╭──

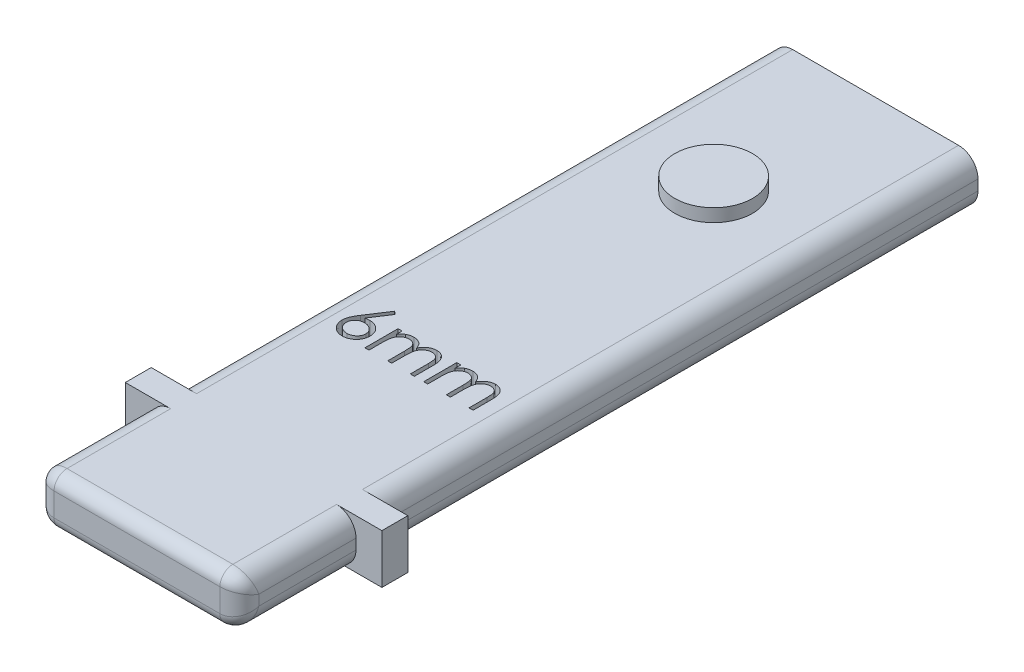
SolidWorks part; units mm, degrees
ref_plane "Front Plane" through (0, 0, 0) normal (0, 0, 1) x (1, 0, 0)
ref_plane "Top Plane" through (0, 0, 0) normal (0, 1, 0) x (1, 0, 0)
ref_plane "Right Plane" through (0, 0, 0) normal (1, 0, 0) x (0, 0, -1)
sketch "Sketch2" plane through (0, 0, 0) normal (0, 1, 0) x (1, 0, 0)
  line L1 (0, 0) -> (15.8, 0)
  line L2 (0, 0) -> (0, 57)
  line L3 (0, 57) -> (15.8, 57)
  line L4 (15.8, 0) -> (15.8, 57)
  dimension "D1" = 57
  dimension "D2" = 15.8
extrude "Boss-Extrude1" add sketch "Sketch2" along normal blind 3.8
fillet "Fillet3" radius 1 2 edges at (7.9, 0, 0) (7.9, 3.8, 0)
sketch "Sketch5" plane through (0, 3.8, 0) normal (0, 1, 0) x (1, 0, 0)
  line L0 (15.8, 57) -> (0, 57) construction
  circle A0 centre (7.9, 44.5) radius 3
  point P4 (7.9, 57)
  dimension "D1" = 6
  dimension "D2" = 12.5
extrude "Boss-Extrude4" add sketch "Sketch5" along normal blind 1
sketch "Sketch6" plane through (15.8, 0, 0) normal (1, 0, 0) x (0, 0, -1)
  line L0 (9, 3.8) -> (9, 0)
  line L1 (1, 3.8) -> (57, 3.8) construction
  line L2 (1, 0) -> (57, 0) construction
  line L3 (9, 0) -> (11, 0)
  line L4 (11, 0) -> (11, 3.8)
  line L5 (11, 3.8) -> (9, 3.8)
  line L6 (0, 2.8) -> (0, 1) construction
  dimension "D1" = 9
  dimension "D2" = 2
extrude "Boss-Extrude5" add sketch "Sketch6" along normal blind 2
sketch "Sketch7" plane through (0, 0, 0) normal (-1, 0, 0) x (0, 0, 1)
  line L0 (-57, 0) -> (-1, 0) construction
  line L1 (-9, 0) -> (-11, 0)
  line L2 (-9, 0) -> (-9, 3.8)
  line L3 (-9, 3.8) -> (-11, 3.8)
  line L4 (-11, 0) -> (-11, 3.8)
  line L5 (-57, 3.8) -> (-1, 3.8) construction
  line L6 (0, 2.8) -> (0, 1) construction
  dimension "D1" = 9
  dimension "D2" = 2
extrude "Boss-Extrude6" add sketch "Sketch7" along normal blind 2
fillet "Fillet4" radius 1.5 14 edges at (0, 0.2929, -0.2929) (0, 1.9, 0) (0, 3.5071, -0.2929) (15.8, 0.2929, -0.2929) (15.8, 1.9, 0) (15.8, 3.5071, -0.2929) (0, 0, -34) (0, 0, -5) (0, 3.8, -5) (0, 3.8, -34) (15.8, 0, -34) (15.8, 3.8, -34) (15.8, 0, -5) (15.8, 3.8, -5)
sketch "Sketch9" plane through (0, 3.8, 0) normal (0, 1, 0) x (1, 0, 0)
  text T0 "6mm\r\n"
extrude "Cut-Extrude1" cut sketch "Sketch9" against normal blind 5

╰──

TASK INSTRUCTIONS: Your answer must consist of every line from the listing that holds the string "dimension".

SOLUTION:
  dimension "D1" = 57
  dimension "D2" = 15.8
  dimension "D1" = 6
  dimension "D2" = 12.5
  dimension "D1" = 9
  dimension "D2" = 2
  dimension "D1" = 9
  dimension "D2" = 2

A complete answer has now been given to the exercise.